Allah Almighty declares in the Holy Quran: “Your Lord has commanded that you worship none but Him, and that you be kind to your parents.  If one of them or both of them reach old age with you, do not say to them a word of disrespect, or scold them, but say a generous word to them.  And act humbly to them in mercy, and say, ‘My Lord, have mercy on them, since they cared for me when I was small.’” (Quran 17:  23-24)

Islam has given the elderly a special status, as there are numerous texts, both Divine and Prophetic, which urge the Believers to respect and honour the elderly. Islam teaches compassion and justice, morals and forbids bad conduct. It grants man his dignity, if he adheres to the laws of The Almighty in all aspects of life.

In many traditions and cultures and via our religious upbringing many of us were taught the values of respect and care for the elders, not only in the family but in society at large. However, that is slowly being washed away as we begin to embrace different cultures and values.

In a society where elders aren’t respected and properly looked after, the social fabric will tear apart and break down. Islam advocates a system in which peace, cordiality and fraternity in a society that has social inter-action in which juniors are loved and seniors are respected.  Prophet Muhammed (pbuh) explained this principle of his teachings in the following words: “He is not of us who is not merciful to our younger people, nor honours the old among us.

Therefore Islam attaches so much importance to paying respect to elders that it is equated with glorifying The Almighty. Prophet Muhammed (pbuh) said: “Certainly of the glorification of Allah Almighty, is the honour shown to an old person.”

It follows that to honour the elderly, is to glorify and praise The Almighty! We all know that this world is a preparatory ground for the next world. It is here that we can attain perfection for the next. We cannot achieve perfection except through our interaction with society, that is, by living with other human beings of all ages.

We all gain the qualities of knowledge, wisdom and experience in our journey towards old age and senility. ’It is Allah who creates you and takes your souls at death; and of you there are some who are sent to a feeble age, so that they know nothing after having known much : Allah is indeed All-Knowing, The Almighty.” (Ch 16 : v 70)

Even the Bible shows the respect for elders: ‘Rebuke not an elder, but entreat [him] as a father; [and] the younger men as brethren.’  (1Timothy 5:1). But if any provide not for his own, and especially for those of his own house, he hath denied the faith, and is worse than an infidel.’ (1Timothy 5:8). ‘Likewise ye younger, submit yourselves unto the elder. Yea all of you be subject to one another, and be clothed with humility for God resisteth the proud and giveth grace to the humble’ (1 Peter 5:5)

There is a saying: “There is only one thing that age can give you, and that is, Wisdom.”  Therefore because of this distinction of wisdom makes the elderly among us worthy of reverence.

Prophet Muhammed (pbuh) said: “The advice of old-men is dearer than the bravery of young men.”

Respect for elders can take different forms, like: helping them in their day-to-day chores, speaking to them with a degree of politeness, overlooking their mistakes, following their advice, looking after their socio-economic needs, saving them from physical hardship.

Many of the elderly need special care and attention. Islam advises us to invoke The Almighty’s help and mercy for the aged parents. Allah gives prayer to humankind thus: “And call out “O my Lord (Creator) have mercy on them both (parents) as they cared for me when I was little’. (Quran: 17: 24)

We must remember that it is these our parents who nourished, cared, nurtured and helped us become the adults we are today. It is easy for some to forget the struggle and sacrifices that our parents have been through. It is their love that guided us through the rough waters of childhood, our teenage years and then adulthood and beyond to make us the educated and privileged individuals of today.

Fast forward to today’s modern and fast paced world, we find a sad state of affairs whereby when parents reach an advanced age, they are “dumped” in old-age homes. Just because the “children” now want freedom and independence!

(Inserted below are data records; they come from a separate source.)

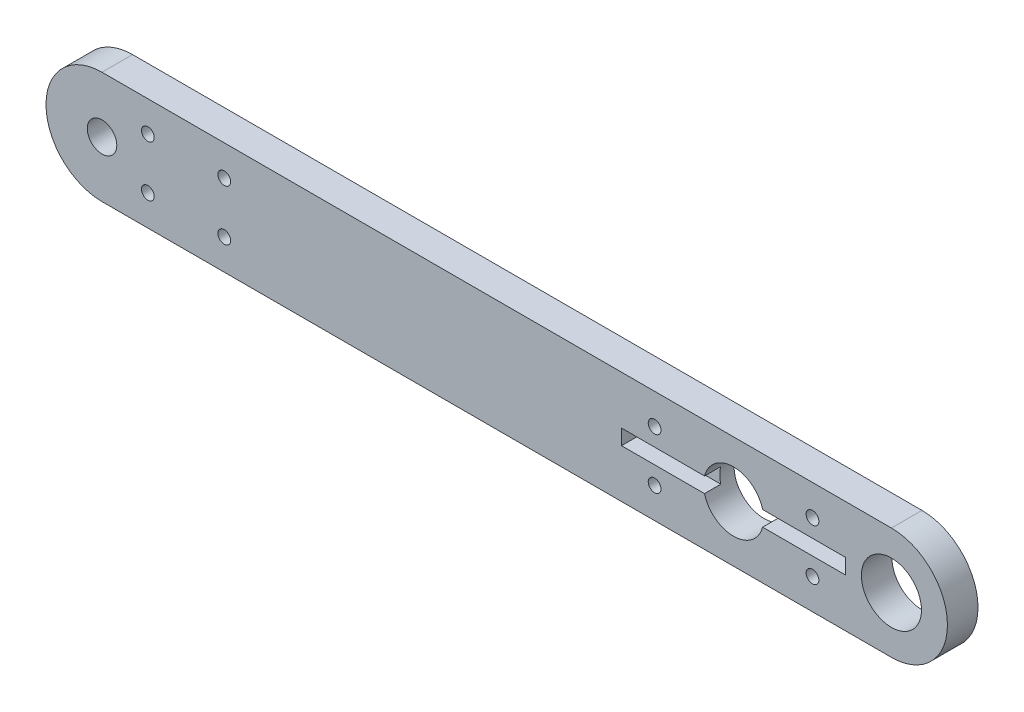
ISO-10303-21;
HEADER;
FILE_DESCRIPTION(('STEP AP214'),'2;1');
FILE_NAME('part.step','',(''),(''),'','','');
FILE_SCHEMA(('AUTOMOTIVE_DESIGN { 1 0 10303 214 1 1 1 1 }'));
ENDSEC;
DATA;
#1=APPLICATION_CONTEXT('core data for automotive mechanical design processes');
#2=APPLICATION_PROTOCOL_DEFINITION('international standard','automotive_design',2000,#1);
#3=PRODUCT_CONTEXT('',#1,'mechanical');
#4=PRODUCT('Part','Part','',(#3));
#5=PRODUCT_RELATED_PRODUCT_CATEGORY('part','',(#4));
#6=PRODUCT_DEFINITION_FORMATION('','',#4);
#7=PRODUCT_DEFINITION_CONTEXT('part definition',#1,'design');
#8=PRODUCT_DEFINITION('design','',#6,#7);
#9=PRODUCT_DEFINITION_SHAPE('','',#8);
#10=(LENGTH_UNIT() NAMED_UNIT(*) SI_UNIT(.MILLI.,.METRE.));
#11=(NAMED_UNIT(*) PLANE_ANGLE_UNIT() SI_UNIT($,.RADIAN.));
#12=(NAMED_UNIT(*) SI_UNIT($,.STERADIAN.) SOLID_ANGLE_UNIT());
#13=UNCERTAINTY_MEASURE_WITH_UNIT(LENGTH_MEASURE(1.E-05),#10,'distance_accuracy_value','');
#14=(GEOMETRIC_REPRESENTATION_CONTEXT(3) GLOBAL_UNCERTAINTY_ASSIGNED_CONTEXT((#13)) GLOBAL_UNIT_ASSIGNED_CONTEXT((#10,
#11,#12)) REPRESENTATION_CONTEXT('',''));
#15=CARTESIAN_POINT('',(0.,0.,0.));
#16=DIRECTION('',(0.,0.,1.));
#17=DIRECTION('',(1.,0.,0.));
#18=AXIS2_PLACEMENT_3D('',#15,#16,#17);
#19=CARTESIAN_POINT('',(15.5,0.,3.));
#20=DIRECTION('',(0.,0.,1.));
#21=DIRECTION('',(1.,0.,0.));
#22=AXIS2_PLACEMENT_3D('',#19,#20,#21);
#23=PLANE('',#22);
#24=DIRECTION('',(-1.,0.,0.));
#25=VECTOR('',#24,1.);
#26=CARTESIAN_POINT('',(-11.,0.75,3.));
#27=LINE('',#26,#25);
#28=CARTESIAN_POINT('',(-2.85306852353742,0.75,3.));
#29=VERTEX_POINT('',#28);
#30=CARTESIAN_POINT('',(-11.,0.75,3.));
#31=VERTEX_POINT('',#30);
#32=EDGE_CURVE('E144',#29,#31,#27,.T.);
#33=ORIENTED_EDGE('',*,*,#32,.F.);
#34=CARTESIAN_POINT('',(0.,0.,3.));
#35=DIRECTION('',(0.,0.,1.));
#36=DIRECTION('',(1.,0.,0.));
#37=AXIS2_PLACEMENT_3D('',#34,#35,#36);
#38=CIRCLE('',#37,2.95);
#39=CARTESIAN_POINT('',(2.85306852353742,0.75,3.));
#40=VERTEX_POINT('',#39);
#41=EDGE_CURVE('E217',#40,#29,#38,.T.);
#42=ORIENTED_EDGE('',*,*,#41,.F.);
#43=CARTESIAN_POINT('',(11.,0.75,3.));
#44=VERTEX_POINT('',#43);
#45=EDGE_CURVE('E142',#44,#40,#27,.T.);
#46=ORIENTED_EDGE('',*,*,#45,.F.);
#47=DIRECTION('',(0.,1.,0.));
#48=VECTOR('',#47,1.);
#49=CARTESIAN_POINT('',(11.,0.75,3.));
#50=LINE('',#49,#48);
#51=CARTESIAN_POINT('',(11.,-0.75,3.));
#52=VERTEX_POINT('',#51);
#53=EDGE_CURVE('E153',#52,#44,#50,.T.);
#54=ORIENTED_EDGE('',*,*,#53,.F.);
#55=DIRECTION('',(1.,0.,0.));
#56=VECTOR('',#55,1.);
#57=CARTESIAN_POINT('',(-11.,-0.75,3.));
#58=LINE('',#57,#56);
#59=CARTESIAN_POINT('',(2.85306852353742,-0.75,3.));
#60=VERTEX_POINT('',#59);
#61=EDGE_CURVE('E150',#60,#52,#58,.T.);
#62=ORIENTED_EDGE('',*,*,#61,.F.);
#63=CARTESIAN_POINT('',(-2.85306852353742,-0.75,3.));
#64=VERTEX_POINT('',#63);
#65=EDGE_CURVE('E221',#64,#60,#38,.T.);
#66=ORIENTED_EDGE('',*,*,#65,.F.);
#67=CARTESIAN_POINT('',(-11.,-0.75,3.));
#68=VERTEX_POINT('',#67);
#69=EDGE_CURVE('E151',#68,#64,#58,.T.);
#70=ORIENTED_EDGE('',*,*,#69,.F.);
#71=DIRECTION('',(0.,-1.,0.));
#72=VECTOR('',#71,1.);
#73=CARTESIAN_POINT('',(-11.,0.75,3.));
#74=LINE('',#73,#72);
#75=EDGE_CURVE('E127',#31,#68,#74,.T.);
#76=ORIENTED_EDGE('',*,*,#75,.F.);
#77=EDGE_LOOP('',(#33,#42,#46,#54,#62,#66,#70,#76));
#78=FACE_BOUND('',#77,.T.);
#79=CARTESIAN_POINT('',(7.75,-2.49999999999999,3.));
#80=DIRECTION('',(0.,0.,1.));
#81=DIRECTION('',(1.,0.,0.));
#82=AXIS2_PLACEMENT_3D('',#79,#80,#81);
#83=CIRCLE('',#82,0.625000000000001);
#84=CARTESIAN_POINT('',(8.375,-2.49999999999999,3.));
#85=VERTEX_POINT('',#84);
#86=EDGE_CURVE('E158',#85,#85,#83,.T.);
#87=ORIENTED_EDGE('',*,*,#86,.F.);
#88=EDGE_LOOP('',(#87));
#89=FACE_BOUND('',#88,.T.);
#90=CARTESIAN_POINT('',(-7.75,-2.49999999999999,3.));
#91=DIRECTION('',(0.,0.,1.));
#92=DIRECTION('',(1.,0.,0.));
#93=AXIS2_PLACEMENT_3D('',#90,#91,#92);
#94=CIRCLE('',#93,0.625);
#95=CARTESIAN_POINT('',(-7.125,-2.49999999999999,3.));
#96=VERTEX_POINT('',#95);
#97=EDGE_CURVE('E168',#96,#96,#94,.T.);
#98=ORIENTED_EDGE('',*,*,#97,.F.);
#99=EDGE_LOOP('',(#98));
#100=FACE_BOUND('',#99,.T.);
#101=CARTESIAN_POINT('',(-57.5,-2.49999999999999,3.));
#102=DIRECTION('',(0.,0.,1.));
#103=DIRECTION('',(1.,0.,0.));
#104=AXIS2_PLACEMENT_3D('',#101,#102,#103);
#105=CIRCLE('',#104,0.625000000000001);
#106=CARTESIAN_POINT('',(-56.875,-2.49999999999999,3.));
#107=VERTEX_POINT('',#106);
#108=EDGE_CURVE('E174',#107,#107,#105,.T.);
#109=ORIENTED_EDGE('',*,*,#108,.F.);
#110=EDGE_LOOP('',(#109));
#111=FACE_BOUND('',#110,.T.);
#112=CARTESIAN_POINT('',(-50.,-2.49999999999999,3.));
#113=DIRECTION('',(0.,0.,1.));
#114=DIRECTION('',(1.,0.,0.));
#115=AXIS2_PLACEMENT_3D('',#112,#113,#114);
#116=CIRCLE('',#115,0.625000000000001);
#117=CARTESIAN_POINT('',(-49.375,-2.49999999999999,3.));
#118=VERTEX_POINT('',#117);
#119=EDGE_CURVE('E180',#118,#118,#116,.T.);
#120=ORIENTED_EDGE('',*,*,#119,.F.);
#121=EDGE_LOOP('',(#120));
#122=FACE_BOUND('',#121,.T.);
#123=CARTESIAN_POINT('',(7.75,2.49999999999999,3.));
#124=DIRECTION('',(0.,0.,1.));
#125=DIRECTION('',(1.,0.,0.));
#126=AXIS2_PLACEMENT_3D('',#123,#124,#125);
#127=CIRCLE('',#126,0.625000000000001);
#128=CARTESIAN_POINT('',(8.375,2.49999999999999,3.));
#129=VERTEX_POINT('',#128);
#130=EDGE_CURVE('E186',#129,#129,#127,.T.);
#131=ORIENTED_EDGE('',*,*,#130,.F.);
#132=EDGE_LOOP('',(#131));
#133=FACE_BOUND('',#132,.T.);
#134=CARTESIAN_POINT('',(-7.75,2.49999999999999,3.));
#135=DIRECTION('',(0.,0.,1.));
#136=DIRECTION('',(1.,0.,0.));
#137=AXIS2_PLACEMENT_3D('',#134,#135,#136);
#138=CIRCLE('',#137,0.625);
#139=CARTESIAN_POINT('',(-7.125,2.49999999999999,3.));
#140=VERTEX_POINT('',#139);
#141=EDGE_CURVE('E192',#140,#140,#138,.T.);
#142=ORIENTED_EDGE('',*,*,#141,.F.);
#143=EDGE_LOOP('',(#142));
#144=FACE_BOUND('',#143,.T.);
#145=CARTESIAN_POINT('',(-57.5,2.49999999999999,3.));
#146=DIRECTION('',(0.,0.,1.));
#147=DIRECTION('',(1.,0.,0.));
#148=AXIS2_PLACEMENT_3D('',#145,#146,#147);
#149=CIRCLE('',#148,0.625000000000001);
#150=CARTESIAN_POINT('',(-56.875,2.49999999999999,3.));
#151=VERTEX_POINT('',#150);
#152=EDGE_CURVE('E198',#151,#151,#149,.T.);
#153=ORIENTED_EDGE('',*,*,#152,.F.);
#154=EDGE_LOOP('',(#153));
#155=FACE_BOUND('',#154,.T.);
#156=CARTESIAN_POINT('',(-50.,2.49999999999999,3.));
#157=DIRECTION('',(0.,0.,1.));
#158=DIRECTION('',(1.,0.,0.));
#159=AXIS2_PLACEMENT_3D('',#156,#157,#158);
#160=CIRCLE('',#159,0.625000000000001);
#161=CARTESIAN_POINT('',(-49.375,2.49999999999999,3.));
#162=VERTEX_POINT('',#161);
#163=EDGE_CURVE('E204',#162,#162,#160,.T.);
#164=ORIENTED_EDGE('',*,*,#163,.F.);
#165=EDGE_LOOP('',(#164));
#166=FACE_BOUND('',#165,.T.);
#167=CARTESIAN_POINT('',(15.5,0.,3.));
#168=DIRECTION('',(0.,0.,1.));
#169=DIRECTION('',(1.,0.,0.));
#170=AXIS2_PLACEMENT_3D('',#167,#168,#169);
#171=CIRCLE('',#170,5.5);
#172=CARTESIAN_POINT('',(15.5,-5.5,3.));
#173=VERTEX_POINT('',#172);
#174=CARTESIAN_POINT('',(15.5,5.5,3.));
#175=VERTEX_POINT('',#174);
#176=EDGE_CURVE('E230',#173,#175,#171,.T.);
#177=ORIENTED_EDGE('',*,*,#176,.T.);
#178=DIRECTION('',(-1.,0.,0.));
#179=VECTOR('',#178,1.);
#180=CARTESIAN_POINT('',(15.5,5.5,3.));
#181=LINE('',#180,#179);
#182=CARTESIAN_POINT('',(-62.,5.49999999999999,3.));
#183=VERTEX_POINT('',#182);
#184=EDGE_CURVE('E233',#175,#183,#181,.T.);
#185=ORIENTED_EDGE('',*,*,#184,.T.);
#186=CARTESIAN_POINT('',(-62.,-4.25440932483312E-13,3.));
#187=DIRECTION('',(0.,0.,1.));
#188=DIRECTION('',(1.,0.,0.));
#189=AXIS2_PLACEMENT_3D('',#186,#187,#188);
#190=CIRCLE('',#189,5.49999999999999);
#191=CARTESIAN_POINT('',(-62.,-5.50000000000041,3.));
#192=VERTEX_POINT('',#191);
#193=EDGE_CURVE('E236',#183,#192,#190,.T.);
#194=ORIENTED_EDGE('',*,*,#193,.T.);
#195=DIRECTION('',(1.,0.,0.));
#196=VECTOR('',#195,1.);
#197=CARTESIAN_POINT('',(-62.,-5.49999999999999,3.));
#198=LINE('',#197,#196);
#199=EDGE_CURVE('E238',#192,#173,#198,.T.);
#200=ORIENTED_EDGE('',*,*,#199,.T.);
#201=EDGE_LOOP('',(#177,#185,#194,#200));
#202=FACE_BOUND('',#201,.T.);
#203=CARTESIAN_POINT('',(-62.,-4.25440932483312E-13,3.));
#204=DIRECTION('',(0.,0.,1.));
#205=DIRECTION('',(1.,0.,0.));
#206=AXIS2_PLACEMENT_3D('',#203,#204,#205);
#207=CIRCLE('',#206,1.45);
#208=CARTESIAN_POINT('',(-60.55,-4.25440932483312E-13,3.));
#209=VERTEX_POINT('',#208);
#210=EDGE_CURVE('E224',#209,#209,#207,.T.);
#211=ORIENTED_EDGE('',*,*,#210,.F.);
#212=EDGE_LOOP('',(#211));
#213=FACE_BOUND('',#212,.T.);
#214=CARTESIAN_POINT('',(15.5,0.,3.));
#215=DIRECTION('',(0.,0.,1.));
#216=DIRECTION('',(1.,0.,0.));
#217=AXIS2_PLACEMENT_3D('',#214,#215,#216);
#218=CIRCLE('',#217,2.95);
#219=CARTESIAN_POINT('',(18.45,0.,3.));
#220=VERTEX_POINT('',#219);
#221=EDGE_CURVE('E211',#220,#220,#218,.T.);
#222=ORIENTED_EDGE('',*,*,#221,.F.);
#223=EDGE_LOOP('',(#222));
#224=FACE_BOUND('',#223,.T.);
#225=ADVANCED_FACE('F32',(#78,#89,#100,#111,#122,#133,#144,#155,#166,#202,#213,#224),#23,.T.);
#226=CARTESIAN_POINT('',(15.5,0.,0.));
#227=DIRECTION('',(0.,0.,1.));
#228=DIRECTION('',(1.,0.,0.));
#229=AXIS2_PLACEMENT_3D('',#226,#227,#228);
#230=PLANE('',#229);
#231=CARTESIAN_POINT('',(7.75,-2.49999999999999,0.));
#232=DIRECTION('',(0.,0.,1.));
#233=DIRECTION('',(1.,0.,0.));
#234=AXIS2_PLACEMENT_3D('',#231,#232,#233);
#235=CIRCLE('',#234,0.624999999999999);
#236=CARTESIAN_POINT('',(8.375,-2.49999999999999,0.));
#237=VERTEX_POINT('',#236);
#238=EDGE_CURVE('E165',#237,#237,#235,.T.);
#239=ORIENTED_EDGE('',*,*,#238,.T.);
#240=EDGE_LOOP('',(#239));
#241=FACE_BOUND('',#240,.T.);
#242=CARTESIAN_POINT('',(-7.75,-2.49999999999999,0.));
#243=DIRECTION('',(0.,0.,1.));
#244=DIRECTION('',(1.,0.,0.));
#245=AXIS2_PLACEMENT_3D('',#242,#243,#244);
#246=CIRCLE('',#245,0.624999999999999);
#247=CARTESIAN_POINT('',(-7.125,-2.49999999999999,0.));
#248=VERTEX_POINT('',#247);
#249=EDGE_CURVE('E171',#248,#248,#246,.T.);
#250=ORIENTED_EDGE('',*,*,#249,.T.);
#251=EDGE_LOOP('',(#250));
#252=FACE_BOUND('',#251,.T.);
#253=CARTESIAN_POINT('',(-57.5,-2.49999999999999,0.));
#254=DIRECTION('',(0.,0.,1.));
#255=DIRECTION('',(1.,0.,0.));
#256=AXIS2_PLACEMENT_3D('',#253,#254,#255);
#257=CIRCLE('',#256,0.625000000000001);
#258=CARTESIAN_POINT('',(-56.875,-2.49999999999999,0.));
#259=VERTEX_POINT('',#258);
#260=EDGE_CURVE('E177',#259,#259,#257,.T.);
#261=ORIENTED_EDGE('',*,*,#260,.T.);
#262=EDGE_LOOP('',(#261));
#263=FACE_BOUND('',#262,.T.);
#264=CARTESIAN_POINT('',(-50.,-2.49999999999999,0.));
#265=DIRECTION('',(0.,0.,1.));
#266=DIRECTION('',(1.,0.,0.));
#267=AXIS2_PLACEMENT_3D('',#264,#265,#266);
#268=CIRCLE('',#267,0.625000000000001);
#269=CARTESIAN_POINT('',(-49.375,-2.49999999999999,0.));
#270=VERTEX_POINT('',#269);
#271=EDGE_CURVE('E183',#270,#270,#268,.T.);
#272=ORIENTED_EDGE('',*,*,#271,.T.);
#273=EDGE_LOOP('',(#272));
#274=FACE_BOUND('',#273,.T.);
#275=CARTESIAN_POINT('',(7.75,2.49999999999999,0.));
#276=DIRECTION('',(0.,0.,1.));
#277=DIRECTION('',(1.,0.,0.));
#278=AXIS2_PLACEMENT_3D('',#275,#276,#277);
#279=CIRCLE('',#278,0.624999999999999);
#280=CARTESIAN_POINT('',(8.375,2.49999999999999,0.));
#281=VERTEX_POINT('',#280);
#282=EDGE_CURVE('E189',#281,#281,#279,.T.);
#283=ORIENTED_EDGE('',*,*,#282,.T.);
#284=EDGE_LOOP('',(#283));
#285=FACE_BOUND('',#284,.T.);
#286=CARTESIAN_POINT('',(-7.75,2.49999999999999,0.));
#287=DIRECTION('',(0.,0.,1.));
#288=DIRECTION('',(1.,0.,0.));
#289=AXIS2_PLACEMENT_3D('',#286,#287,#288);
#290=CIRCLE('',#289,0.624999999999999);
#291=CARTESIAN_POINT('',(-7.125,2.49999999999999,0.));
#292=VERTEX_POINT('',#291);
#293=EDGE_CURVE('E195',#292,#292,#290,.T.);
#294=ORIENTED_EDGE('',*,*,#293,.T.);
#295=EDGE_LOOP('',(#294));
#296=FACE_BOUND('',#295,.T.);
#297=CARTESIAN_POINT('',(-57.5,2.49999999999999,0.));
#298=DIRECTION('',(0.,0.,1.));
#299=DIRECTION('',(1.,0.,0.));
#300=AXIS2_PLACEMENT_3D('',#297,#298,#299);
#301=CIRCLE('',#300,0.625000000000001);
#302=CARTESIAN_POINT('',(-56.875,2.49999999999999,0.));
#303=VERTEX_POINT('',#302);
#304=EDGE_CURVE('E201',#303,#303,#301,.T.);
#305=ORIENTED_EDGE('',*,*,#304,.T.);
#306=EDGE_LOOP('',(#305));
#307=FACE_BOUND('',#306,.T.);
#308=CARTESIAN_POINT('',(-50.,2.49999999999999,0.));
#309=DIRECTION('',(0.,0.,1.));
#310=DIRECTION('',(1.,0.,0.));
#311=AXIS2_PLACEMENT_3D('',#308,#309,#310);
#312=CIRCLE('',#311,0.625000000000001);
#313=CARTESIAN_POINT('',(-49.375,2.49999999999999,0.));
#314=VERTEX_POINT('',#313);
#315=EDGE_CURVE('E207',#314,#314,#312,.T.);
#316=ORIENTED_EDGE('',*,*,#315,.T.);
#317=EDGE_LOOP('',(#316));
#318=FACE_BOUND('',#317,.T.);
#319=CARTESIAN_POINT('',(0.,0.,0.));
#320=DIRECTION('',(0.,0.,1.));
#321=DIRECTION('',(1.,0.,0.));
#322=AXIS2_PLACEMENT_3D('',#319,#320,#321);
#323=CIRCLE('',#322,2.95);
#324=CARTESIAN_POINT('',(2.95,0.,0.));
#325=VERTEX_POINT('',#324);
#326=EDGE_CURVE('E214',#325,#325,#323,.T.);
#327=ORIENTED_EDGE('',*,*,#326,.T.);
#328=EDGE_LOOP('',(#327));
#329=FACE_BOUND('',#328,.T.);
#330=CARTESIAN_POINT('',(15.5,0.,0.));
#331=DIRECTION('',(0.,0.,1.));
#332=DIRECTION('',(1.,0.,0.));
#333=AXIS2_PLACEMENT_3D('',#330,#331,#332);
#334=CIRCLE('',#333,5.5);
#335=CARTESIAN_POINT('',(15.5,-5.5,0.));
#336=VERTEX_POINT('',#335);
#337=CARTESIAN_POINT('',(15.5,5.5,0.));
#338=VERTEX_POINT('',#337);
#339=EDGE_CURVE('E227',#336,#338,#334,.T.);
#340=ORIENTED_EDGE('',*,*,#339,.F.);
#341=DIRECTION('',(1.,0.,0.));
#342=VECTOR('',#341,1.);
#343=CARTESIAN_POINT('',(-62.,-5.49999999999999,0.));
#344=LINE('',#343,#342);
#345=CARTESIAN_POINT('',(-62.,-5.50000000000041,0.));
#346=VERTEX_POINT('',#345);
#347=EDGE_CURVE('E234',#346,#336,#344,.T.);
#348=ORIENTED_EDGE('',*,*,#347,.F.);
#349=CARTESIAN_POINT('',(-62.,-4.25440932483312E-13,0.));
#350=DIRECTION('',(0.,0.,1.));
#351=DIRECTION('',(1.,0.,0.));
#352=AXIS2_PLACEMENT_3D('',#349,#350,#351);
#353=CIRCLE('',#352,5.49999999999999);
#354=CARTESIAN_POINT('',(-62.,5.49999999999999,0.));
#355=VERTEX_POINT('',#354);
#356=EDGE_CURVE('E245',#355,#346,#353,.T.);
#357=ORIENTED_EDGE('',*,*,#356,.F.);
#358=DIRECTION('',(-1.,0.,0.));
#359=VECTOR('',#358,1.);
#360=CARTESIAN_POINT('',(15.5,5.5,0.));
#361=LINE('',#360,#359);
#362=EDGE_CURVE('E243',#338,#355,#361,.T.);
#363=ORIENTED_EDGE('',*,*,#362,.F.);
#364=EDGE_LOOP('',(#340,#348,#357,#363));
#365=FACE_BOUND('',#364,.T.);
#366=CARTESIAN_POINT('',(-62.,-4.25440932483312E-13,0.));
#367=DIRECTION('',(0.,0.,1.));
#368=DIRECTION('',(1.,0.,0.));
#369=AXIS2_PLACEMENT_3D('',#366,#367,#368);
#370=CIRCLE('',#369,1.45);
#371=CARTESIAN_POINT('',(-60.55,-4.25440932483312E-13,0.));
#372=VERTEX_POINT('',#371);
#373=EDGE_CURVE('E220',#372,#372,#370,.T.);
#374=ORIENTED_EDGE('',*,*,#373,.T.);
#375=EDGE_LOOP('',(#374));
#376=FACE_BOUND('',#375,.T.);
#377=CARTESIAN_POINT('',(15.5,0.,0.));
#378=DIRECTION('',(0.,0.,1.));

They lived life and probably spent a lot of their energy and time for their families and for this world, and now those that they spent their wealth, energy and time on, those that they nurtured and cared have abandoned them in their time of greatest need and left them alone and helpless.

Let us ponder, very sincerely, on the state of the elderly person who is in an old age home. From the life they previously lived to what they are going through. Obviously they have become fragile, dependant, and possibly a confused person. In many cases, they are demented, i.e. having little or no reasoning, intellect or personality. They are immobile, some have no control over their bowels or bladder and neither can they feed or care for themselves. There is little social contact and in such an environment they can become very depressed. Yet at some point they were young once and had the same aspirations or dreams as all of us. They went through being a child, a sibling, a spouse, a parent or a grandparent. We need to give this our deep and sincere consideration and reflection.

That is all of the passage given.